# Solved: Adobe Reader has no menu bar in Win8



## Alex Ethridge (Apr 10, 2000)

The title says it. How do I get a menubar. I can't print or even exit Adobe Reader without Ctrl+Alt+Del> End task.


----------



## davehc (Oct 4, 2006)

Not the answer, perhaps, to your question. But you do not need Adobe reader in Windows 8. It has its own built in PDF reader


----------



## Alex Ethridge (Apr 10, 2000)

Well, I just assumed it was Adobe Reader. I didn't install Adobe Reader; perhaps the owner did. Still, though, I would like to know how to fix this no-menu problem even if it is Adobe Reader.

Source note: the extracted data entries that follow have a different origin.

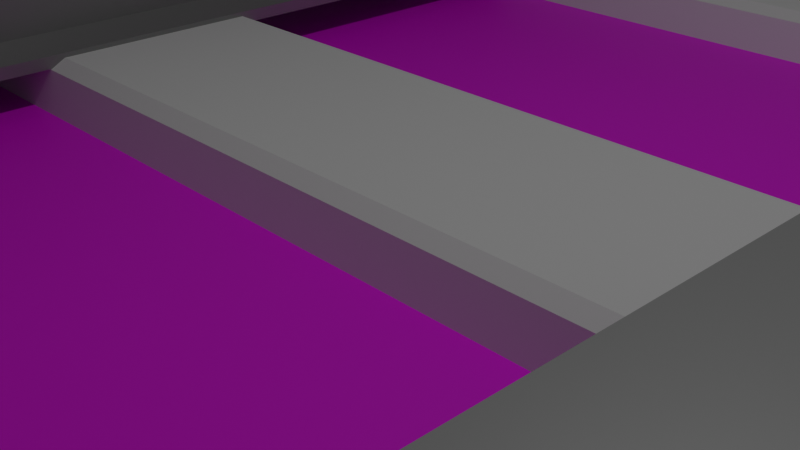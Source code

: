 # Source: SMRT_Permanent_Way.blend  (saved by Blender 2.91.10; exported with 4.5.12 LTS)
import bpy
from mathutils import Matrix  # noqa: F401  (used for matrix-valued properties, if any)

bpy.ops.wm.read_factory_settings(use_empty=True)
scene = bpy.context.scene
scene.name = 'Scene'

# ---- collections
col_railway = bpy.data.collections.new('Railway'); scene.collection.children.link(col_railway)
col_rails = bpy.data.collections.new('Rails'); col_railway.children.link(col_rails)
col_3rd_rail = bpy.data.collections.new('3rd Rail'); col_railway.children.link(col_3rd_rail)
col_collection = bpy.data.collections.new('Collection'); col_railway.children.link(col_collection)

# ---- images (referenced by path relative to the original .blend; pixels are not part of the script)
import os
ASSET_DIR = os.environ.get("B2B_ASSET_DIR", "")  # directory of the original .blend (textures are referenced by path, not embedded)
HERE = os.path.dirname(os.path.abspath(__file__))  # packed textures are extracted next to this script under _unpacked/

def load_image(name, relpath, width, height, colorspace="sRGB"):
    """Load a texture the original file referenced (path relative to the .blend, or extracted next to this script)."""
    p = next((c for c in (os.path.join(HERE, relpath), os.path.join(ASSET_DIR, relpath)) if relpath and os.path.exists(c)), "")
    if p:
        img = bpy.data.images.load(p, check_existing=True)
        img.name = name
    else:  # same state as the original file: an image datablock whose file is absent (Cycles renders it pink)
        img = bpy.data.images.new(name, width, height)
        img.source = "FILE"
        img.filepath = "//" + (relpath or name)
    img.colorspace_settings.name = colorspace
    return img
img_download_jpg = load_image('download.jpg', 'download.jpg', 1024, 1024, 'sRGB')

# ---- materials (node trees are filled in below, after node groups)
mat_material_002 = bpy.data.materials.new('Material.002')
mat_material_002.use_transparent_shadow = False
mat_material_003 = bpy.data.materials.new('Material.003')
mat_material_003.use_transparent_shadow = False
mat_material_004 = bpy.data.materials.new('Material.004')
mat_material_004.use_transparent_shadow = False
mat_material_005 = bpy.data.materials.new('Material.005')
mat_material_005.use_transparent_shadow = False
mat_material_001 = bpy.data.materials.new('Material.001')
mat_material_001.use_transparent_shadow = False

# ---- material node trees
mat_material_002.use_nodes = True; mat_material_002.node_tree.nodes.clear()
_N = mat_material_002.node_tree.nodes; _L = mat_material_002.node_tree.links
n0 = _N.new('ShaderNodeBsdfPrincipled'); n0.name = 'Principled BSDF'; n0.location = (10, 300)
n0.distribution = 'GGX'
n0.subsurface_method = 'BURLEY'
n0.inputs[0].default_value = (0.3343, 0.3343, 0.3343, 1.0)
n0.inputs[1].default_value = 0.5714
n0.inputs[3].default_value = 1.45
n0.inputs[24].default_value = 0.2
n0.inputs[27].default_value = (0.0, 0.0, 0.0, 1.0)
n0.inputs[28].default_value = 1.0
n1 = _N.new('ShaderNodeOutputMaterial'); n1.name = 'Material Output'; n1.location = (300, 300)
_L.new(n0.outputs[0], n1.inputs[0])
n1.is_active_output = True
mat_material_003.use_nodes = True; mat_material_003.node_tree.nodes.clear()
_N = mat_material_003.node_tree.nodes; _L = mat_material_003.node_tree.links
n0 = _N.new('ShaderNodeBsdfPrincipled'); n0.name = 'Principled BSDF'; n0.location = (10, 300)
n0.distribution = 'GGX'
n0.subsurface_method = 'BURLEY'
n0.inputs[0].default_value = (0.3343, 0.3343, 0.3343, 1.0)
n0.inputs[1].default_value = 0.5714
n0.inputs[3].default_value = 1.45
n0.inputs[24].default_value = 0.2
n0.inputs[27].default_value = (0.0, 0.0, 0.0, 1.0)
n0.inputs[28].default_value = 1.0
n1 = _N.new('ShaderNodeOutputMaterial'); n1.name = 'Material Output'; n1.location = (300, 300)
_L.new(n0.outputs[0], n1.inputs[0])
n1.is_active_output = True
mat_material_004.use_nodes = True; mat_material_004.node_tree.nodes.clear()
_N = mat_material_004.node_tree.nodes; _L = mat_material_004.node_tree.links
n0 = _N.new('ShaderNodeBsdfPrincipled'); n0.name = 'Principled BSDF'; n0.location = (10, 300)
n0.distribution = 'GGX'
n0.subsurface_method = 'BURLEY'
n0.inputs[0].default_value = (0.8168, 1.0, 0.8793, 1.0)
n0.inputs[3].default_value = 1.45
n0.inputs[27].default_value = (0.0, 0.0, 0.0, 1.0)
n0.inputs[28].default_value = 1.0
n1 = _N.new('ShaderNodeOutputMaterial'); n1.name = 'Material Output'; n1.location = (300, 300)
_L.new(n0.outputs[0], n1.inputs[0])
n1.is_active_output = True
mat_material_005.use_nodes = True; mat_material_005.node_tree.nodes.clear()
_N = mat_material_005.node_tree.nodes; _L = mat_material_005.node_tree.links
n0 = _N.new('ShaderNodeBsdfPrincipled'); n0.name = 'Principled BSDF'; n0.location = (10, 300)
n0.distribution = 'GGX'
n0.subsurface_method = 'BURLEY'
n0.inputs[0].default_value = (0.477, 0.477, 0.477, 1.0)
n0.inputs[3].default_value = 1.45
n0.inputs[27].default_value = (0.0, 0.0, 0.0, 1.0)
n0.inputs[28].default_value = 1.0
n1 = _N.new('ShaderNodeOutputMaterial'); n1.name = 'Material Output'; n1.location = (300, 300)
_L.new(n0.outputs[0], n1.inputs[0])
n1.is_active_output = True
mat_material_001.use_nodes = True; mat_material_001.node_tree.nodes.clear()
_N = mat_material_001.node_tree.nodes; _L = mat_material_001.node_tree.links
n0 = _N.new('ShaderNodeBsdfPrincipled'); n0.name = 'Principled BSDF'; n0.location = (10, 300)
n0.distribution = 'GGX'
n0.subsurface_method = 'BURLEY'
n0.inputs[3].default_value = 1.45
n0.inputs[27].default_value = (0.0, 0.0, 0.0, 1.0)
n0.inputs[28].default_value = 1.0
n1 = _N.new('ShaderNodeOutputMaterial'); n1.name = 'Material Output'; n1.location = (300, 300)
n2 = _N.new('ShaderNodeTexImage'); n2.name = 'Image Texture'; n2.location = (-348, 194)
n2.image = img_download_jpg
n2.interpolation = 'Closest'
n2.extension = 'EXTEND'
_L.new(n0.outputs[0], n1.inputs[0])
_L.new(n2.outputs[0], n0.inputs[0])
n1.is_active_output = True

# ---- world
world_world = bpy.data.worlds.new('World'); scene.world = world_world
world_world.use_nodes = True; world_world.node_tree.nodes.clear()
_N = world_world.node_tree.nodes; _L = world_world.node_tree.links
n0 = _N.new('ShaderNodeOutputWorld'); n0.name = 'World Output'; n0.location = (300, 300)
n1 = _N.new('ShaderNodeBackground'); n1.name = 'Background'; n1.location = (10, 300)
n1.inputs[0].default_value = (0.05088, 0.05088, 0.05088, 1.0)
_L.new(n1.outputs[0], n0.inputs[0])
n0.is_active_output = True
world_world.color = (0.05088, 0.05088, 0.05088)
world_world.use_sun_shadow = False
world_world.sun_shadow_jitter_overblur = 0.0

# ---- cameras
cam_camera = bpy.data.cameras.new('Camera')
cam_camera.clip_end = 100.0
cam_camera.ortho_scale = 7.314

# ---- lights
light_light = bpy.data.lights.new('Light', 'POINT')
light_light.transmission_factor = 0.0
light_light.energy = 1000.0
light_light.shadow_soft_size = 0.1
light_light.shadow_maximum_resolution = 0.006
light_light.use_absolute_resolution = True

# ---- meshes
me_cube_003 = bpy.data.meshes.new('Cube.003')
me_cube_003.from_pydata([(-1.0, 1.0, -1.0), (1.0, -1.0, -1.0), (0.6511, -1.0, 1.0), (1.0, 1.0, -1.0), (0.6511, 1.0, 1.0), (0.6511, 1.0, 0.3451), (1.0, 1.0, -0.8369), (0.6511, -1.0, 0.3451), (1.0, -1.0, -0.8369), (0.3333, 1.0, -1.0), (0.3333, 1.0, 1.0), (0.3333, -1.0, -1.0), (0.3333, -1.0, 1.0), (0.3333, -1.0, -0.7458), (0.3333, -1.0, 0.03066), (0.3333, 1.0, -0.7458), (0.3333, 1.0, 0.03066), (0.0, 1.0, -1.0), (0.0, 1.0, 1.0), (0.0, -1.0, -1.0), (0.0, -1.0, 1.0), (0.0, -1.0, -0.3333), (0.0, -1.0, 0.3333), (0.0, 1.0, -0.3333), (0.0, 1.0, 0.3333)], [], [(16, 10, 4, 5), (5, 4, 2, 7), (9, 3, 1, 11), (3, 6, 8, 1), (9, 15, 6, 3), (13, 15, 16, 14), (13, 8, 6, 15), (23, 24, 16, 15), (17, 23, 15, 9), (14, 16, 5, 7), (1, 8, 13, 11), (4, 10, 12, 2), (17, 9, 11, 19), (7, 2, 12, 14), (24, 18, 10, 16), (14, 12, 20, 22), (10, 18, 20, 12), (11, 13, 21, 19), (13, 14, 22, 21)])
_uv = me_cube_003.uv_layers.new(name='UVMap')
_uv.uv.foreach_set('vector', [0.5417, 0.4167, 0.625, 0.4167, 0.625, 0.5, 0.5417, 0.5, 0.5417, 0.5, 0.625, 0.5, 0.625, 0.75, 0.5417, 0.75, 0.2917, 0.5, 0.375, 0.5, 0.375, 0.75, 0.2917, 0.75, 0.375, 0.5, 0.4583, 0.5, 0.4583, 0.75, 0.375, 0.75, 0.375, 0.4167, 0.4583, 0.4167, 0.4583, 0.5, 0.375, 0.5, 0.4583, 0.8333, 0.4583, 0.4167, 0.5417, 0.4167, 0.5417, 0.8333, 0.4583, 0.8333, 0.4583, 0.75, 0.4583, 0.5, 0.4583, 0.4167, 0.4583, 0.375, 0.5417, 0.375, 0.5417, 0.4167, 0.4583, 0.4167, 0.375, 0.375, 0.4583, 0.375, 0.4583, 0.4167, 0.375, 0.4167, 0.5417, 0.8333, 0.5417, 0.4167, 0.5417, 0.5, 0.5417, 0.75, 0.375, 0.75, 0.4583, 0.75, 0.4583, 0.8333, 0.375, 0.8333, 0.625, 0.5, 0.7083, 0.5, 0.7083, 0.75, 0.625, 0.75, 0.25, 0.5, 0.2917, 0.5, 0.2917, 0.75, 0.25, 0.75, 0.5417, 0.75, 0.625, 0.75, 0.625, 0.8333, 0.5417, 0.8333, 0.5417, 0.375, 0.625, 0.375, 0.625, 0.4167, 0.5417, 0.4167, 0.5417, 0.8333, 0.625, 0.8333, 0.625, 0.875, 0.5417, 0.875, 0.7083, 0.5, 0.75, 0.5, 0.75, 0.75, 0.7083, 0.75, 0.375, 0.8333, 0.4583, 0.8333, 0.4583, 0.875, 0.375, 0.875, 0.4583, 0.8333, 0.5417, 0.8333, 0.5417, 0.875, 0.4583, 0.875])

I'm not at that location at present; but, I hope to find a solution to try and connect up by remote and see if I can fix it.

The more I am called to work on Windows 8, the more I see the average user needs an on-demand tech at his side at all times. The designers obviously assumed a ridiculously high level of expertise about their users.


----------



## Rearden (Jan 15, 2013)

Press F9 to display the menu bar.


----------



## TerryNet (Mar 23, 2005)

Strange. I installed Adobe Reader (vers. 10.1.5) and the Menu bar still shows by default. But, *Rearden* has the solution for you.


----------



## Alex Ethridge (Apr 10, 2000)

I Googled and found that same information before posting here. I tried F9 and nothing happened. I tried all the F-keys and nothing happened.


----------



## TerryNet (Mar 23, 2005)

If it is the included Modern UI READER App that you mistook for the Adobe Reader then you "control" it the same way as other Apps. Exit by pulling the top of the screen (with the mouse pointer) to the bottom. Or leave it running and get back to the Start screen with the <Windows Logo> key.


----------



## Alex Ethridge (Apr 10, 2000)

We've got it fixed. Modern UI Reader was the problem. We installed Adobe Reader and now have full functionality.

Thanks for the help.


----------



## TerryNet (Mar 23, 2005)

You're welcome.


----------